After our amazing lunch at KOTO on Wednesday, we headed across the street to the Temple of Literature, a very old Chinese temple compound in the heart of Hanoi. We took a few minutes to explore the temple grounds, the last of many, many temples we saw in our time in Asia.
After cleaning ourselves up a bit at our hotel (I have never sweated like I sweated in Hanoi), we took a short walk around part of Hoan Kiem Lake to one of Hanoi's best-known tourist attractions, the Thăng Long Water Puppetry Theater. This northern Vietnamese tradition dates back to the 11th century, and there are still four performances every day in central Hanoi. I think all the guidebooks' praise of the show had overhyped it a bit, though, because it ended up being a bit of a letdown.
We took a short walk from the theater to one of Hanoi's best restaurants, Wild Rice, which focuses on Vietnamese cuisine. Its sister restaurant, Wild Lotus, has taken a more international tack, combining pan-Asian specialities with Western influence. We started with another Vietnamese chicken salad and prawn and cashew spring rolls.
The salad was just as phenomenal as the one from lunch, and it inspired me to try to find Vietnamese salads back home. Unlike Thai salads, which were mostly vegetables even if they contained seafood or meat as well, this chicken salad was primarily chicken, more like Western composed salads. Combined with vegetables and Vietnamese flavoring, this made for a very different texture than the salads we had been having. The fried spring rolls, though delicious, were somewhat unremarkable. One of the pitfalls of traveling to the other side of the world for amazing food is that fresh food tends to stand out much more than fried food, even if the latter is also state of the art.
We moved on to pork with chili and lemongrass and prawns in peanut and tamarind sauce. We also wanted a vegetable, but our waiter said our choice, an eggplant dish, wasn't their best, steering us to another eggplant item that also had pork and proved to be as hearty as either of our other entrees.

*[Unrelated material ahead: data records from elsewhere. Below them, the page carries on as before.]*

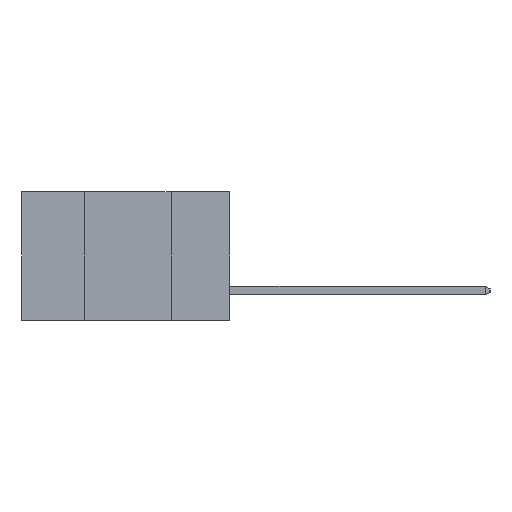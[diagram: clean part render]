
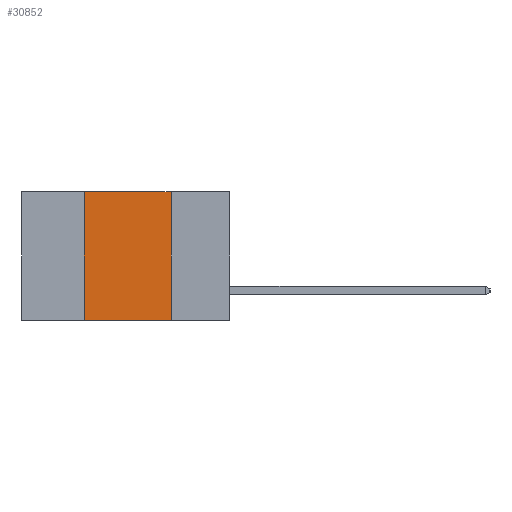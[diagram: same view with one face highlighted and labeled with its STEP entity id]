
A CAD part, left-side view. The second image highlights one B-rep face of the part: STEP entity #30852.
In plain terms, the highlighted planar face has unit normal (-1, 0, 0).
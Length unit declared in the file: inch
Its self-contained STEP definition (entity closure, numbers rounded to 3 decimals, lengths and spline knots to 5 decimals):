
#646 = EDGE_CURVE ( 'NONE', #19065, #17621, #16820, .T. ) ;
#1252 = LINE ( 'NONE', #4630, #20373 ) ;
#1253 = LINE ( 'NONE', #25963, #20376 ) ;
#2139 = DIRECTION ( 'NONE',  ( 0., 0., -1. ) ) ;
#2358 = FACE_OUTER_BOUND ( 'NONE', #9018, .T. ) ;
#2941 = CARTESIAN_POINT ( 'NONE',  ( 0., 0.17, 0. ) ) ;
#4630 = CARTESIAN_POINT ( 'NONE',  ( 0., 0.6, -0.37 ) ) ;
#6141 = LINE ( 'NONE', #2941, #12011 ) ;
#6194 = EDGE_CURVE ( 'NONE', #8072, #19065, #1253, .T. ) ;
#7401 = CARTESIAN_POINT ( 'NONE',  ( 0., 0.17, 0. ) ) ;
#8072 = VERTEX_POINT ( 'NONE', #23587 ) ;
#9018 = EDGE_LOOP ( 'NONE', ( #22414, #17318, #32160, #14589 ) ) ;
#9356 = VECTOR ( 'NONE', #30750, 39.37008 ) ;
#10974 = DIRECTION ( 'NONE',  ( 0., 0., 1. ) ) ;
#12011 = VECTOR ( 'NONE', #25302, 39.37008 ) ;
#12953 = CARTESIAN_POINT ( 'NONE',  ( 0., 0.6, 0. ) ) ;
#14589 = ORIENTED_EDGE ( 'NONE', *, *, #21048, .T. ) ;
#16820 = LINE ( 'NONE', #12953, #9356 ) ;
#17073 = DIRECTION ( 'NONE',  ( 1., 0., 0. ) ) ;
#17318 = ORIENTED_EDGE ( 'NONE', *, *, #646, .F. ) ;
#17621 = VERTEX_POINT ( 'NONE', #7401 ) ;
#19065 = VERTEX_POINT ( 'NONE', #19265 ) ;
#19265 = CARTESIAN_POINT ( 'NONE',  ( 0., 0.42, 0. ) ) ;
#20373 = VECTOR ( 'NONE', #22132, 39.37008 ) ;
#20376 = VECTOR ( 'NONE', #10974, 39.37008 ) ;
#21048 = EDGE_CURVE ( 'NONE', #8072, #21127, #1252, .T. ) ;
#21127 = VERTEX_POINT ( 'NONE', #28444 ) ;
#22132 = DIRECTION ( 'NONE',  ( 0., -1., 0. ) ) ;
#22414 = ORIENTED_EDGE ( 'NONE', *, *, #22850, .F. ) ;
#22850 = EDGE_CURVE ( 'NONE', #17621, #21127, #6141, .T. ) ;
#23587 = CARTESIAN_POINT ( 'NONE',  ( 0., 0.42, -0.37 ) ) ;
#24088 = AXIS2_PLACEMENT_3D ( 'NONE', #32028, #17073, #2139 ) ;
#25302 = DIRECTION ( 'NONE',  ( 0., 0., -1. ) ) ;
#25963 = CARTESIAN_POINT ( 'NONE',  ( 0., 0.42, 0. ) ) ;
#27017 = PLANE ( 'NONE',  #24088 ) ;
#28444 = CARTESIAN_POINT ( 'NONE',  ( 0., 0.17, -0.37 ) ) ;
#30750 = DIRECTION ( 'NONE',  ( 0., -1., 0. ) ) ;
#30852 = ADVANCED_FACE ( 'NONE', ( #2358 ), #27017, .F. ) ;
#32028 = CARTESIAN_POINT ( 'NONE',  ( 0., 0.6, 0. ) ) ;
#32160 = ORIENTED_EDGE ( 'NONE', *, *, #6194, .F. ) ;
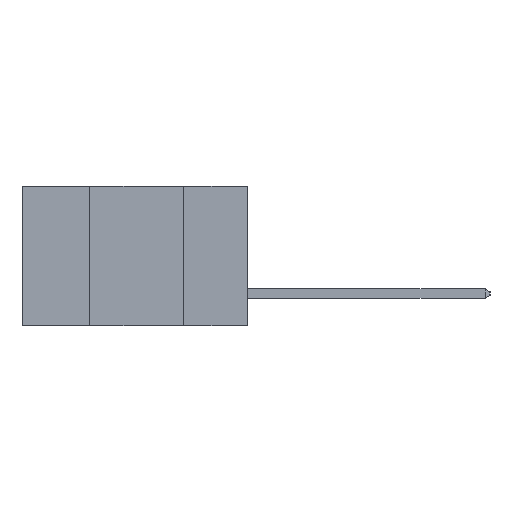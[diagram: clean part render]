
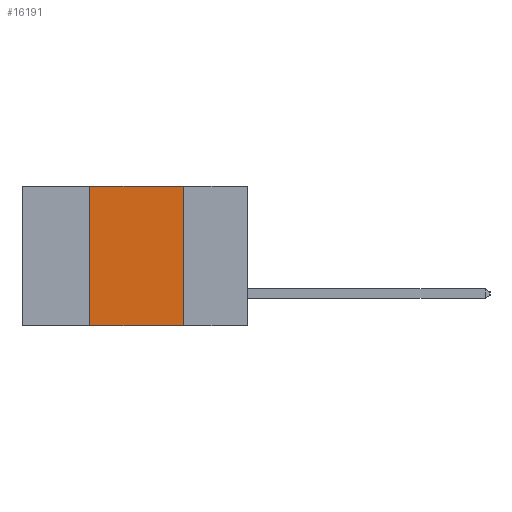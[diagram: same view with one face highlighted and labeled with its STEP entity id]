
A CAD part, left-side view. The second image highlights one B-rep face of the part: STEP entity #16191.
In plain terms, the highlighted planar face has unit normal (-1, 0, 0).
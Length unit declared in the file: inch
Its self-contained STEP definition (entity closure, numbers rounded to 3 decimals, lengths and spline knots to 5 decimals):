
#608 = CARTESIAN_POINT ( 'NONE',  ( 0., 0.6, 0. ) ) ;
#616 = VECTOR ( 'NONE', #18119, 39.37008 ) ;
#937 = VERTEX_POINT ( 'NONE', #9936 ) ;
#1536 = CARTESIAN_POINT ( 'NONE',  ( 0., 0.6, -0.37 ) ) ;
#2099 = PLANE ( 'NONE',  #4755 ) ;
#2171 = ORIENTED_EDGE ( 'NONE', *, *, #12876, .T. ) ;
#2248 = LINE ( 'NONE', #8155, #17141 ) ;
#2255 = VERTEX_POINT ( 'NONE', #8887 ) ;
#2325 = VERTEX_POINT ( 'NONE', #3152 ) ;
#3023 = DIRECTION ( 'NONE',  ( 0., -1., 0. ) ) ;
#3152 = CARTESIAN_POINT ( 'NONE',  ( 0., 0.42, 0. ) ) ;
#3618 = DIRECTION ( 'NONE',  ( 0., 0., -1. ) ) ;
#4572 = LINE ( 'NONE', #14036, #616 ) ;
#4755 = AXIS2_PLACEMENT_3D ( 'NONE', #608, #12364, #3618 ) ;
#5060 = EDGE_CURVE ( 'NONE', #937, #2325, #2248, .T. ) ;
#6266 = CARTESIAN_POINT ( 'NONE',  ( 0., 0.17, -0.37 ) ) ;
#6618 = ORIENTED_EDGE ( 'NONE', *, *, #16949, .F. ) ;
#7535 = ORIENTED_EDGE ( 'NONE', *, *, #13240, .F. ) ;
#7626 = FACE_OUTER_BOUND ( 'NONE', #11442, .T. ) ;
#8044 = DIRECTION ( 'NONE',  ( 0., 0., 1. ) ) ;
#8155 = CARTESIAN_POINT ( 'NONE',  ( 0., 0.42, -0.37 ) ) ;
#8211 = DIRECTION ( 'NONE',  ( 0., 0., -1. ) ) ;
#8537 = VERTEX_POINT ( 'NONE', #6266 ) ;
#8556 = VECTOR ( 'NONE', #8211, 39.37008 ) ;
#8887 = CARTESIAN_POINT ( 'NONE',  ( 0., 0.17, 0. ) ) ;
#9936 = CARTESIAN_POINT ( 'NONE',  ( 0., 0.42, -0.37 ) ) ;
#11056 = LINE ( 'NONE', #1536, #17995 ) ;
#11442 = EDGE_LOOP ( 'NONE', ( #7535, #6618, #17885, #2171 ) ) ;
#12364 = DIRECTION ( 'NONE',  ( 1., 0., 0. ) ) ;
#12384 = LINE ( 'NONE', #18036, #8556 ) ;
#12876 = EDGE_CURVE ( 'NONE', #937, #8537, #11056, .T. ) ;
#13240 = EDGE_CURVE ( 'NONE', #2255, #8537, #12384, .T. ) ;
#14036 = CARTESIAN_POINT ( 'NONE',  ( 0., 0.6, 0. ) ) ;
#16191 = ADVANCED_FACE ( 'NONE', ( #7626 ), #2099, .F. ) ;
#16949 = EDGE_CURVE ( 'NONE', #2325, #2255, #4572, .T. ) ;
#17141 = VECTOR ( 'NONE', #8044, 39.37008 ) ;
#17885 = ORIENTED_EDGE ( 'NONE', *, *, #5060, .F. ) ;
#17995 = VECTOR ( 'NONE', #3023, 39.37008 ) ;
#18036 = CARTESIAN_POINT ( 'NONE',  ( 0., 0.17, -0.37 ) ) ;
#18119 = DIRECTION ( 'NONE',  ( 0., -1., 0. ) ) ;

The pork dish exemplified the difference between Thai and Vietnamese cuisine, and was almost a return to some of our food in Hong Kong. The meat was tender and flavorful, in the same cooked-in manner asthe spicy Szechuan chicken we had, though with a very different taste. The accompanying vegetables were fresh and tasty as well. The sauce with the prawns was tangy, not spicy, but without becoming overly sweet. The eggplant was a full-bodied dish, with a delicious sauce and ingredients.
After dinner, we walked back to our hotel, and nightfall made Hanoi's thousands of motorcycles seem even more dramatic. We managed to get some good shots of them, too.
Dreaming of lakeside tai chi and spicy salads, we were asleep moments very shortly after returning to our hotel.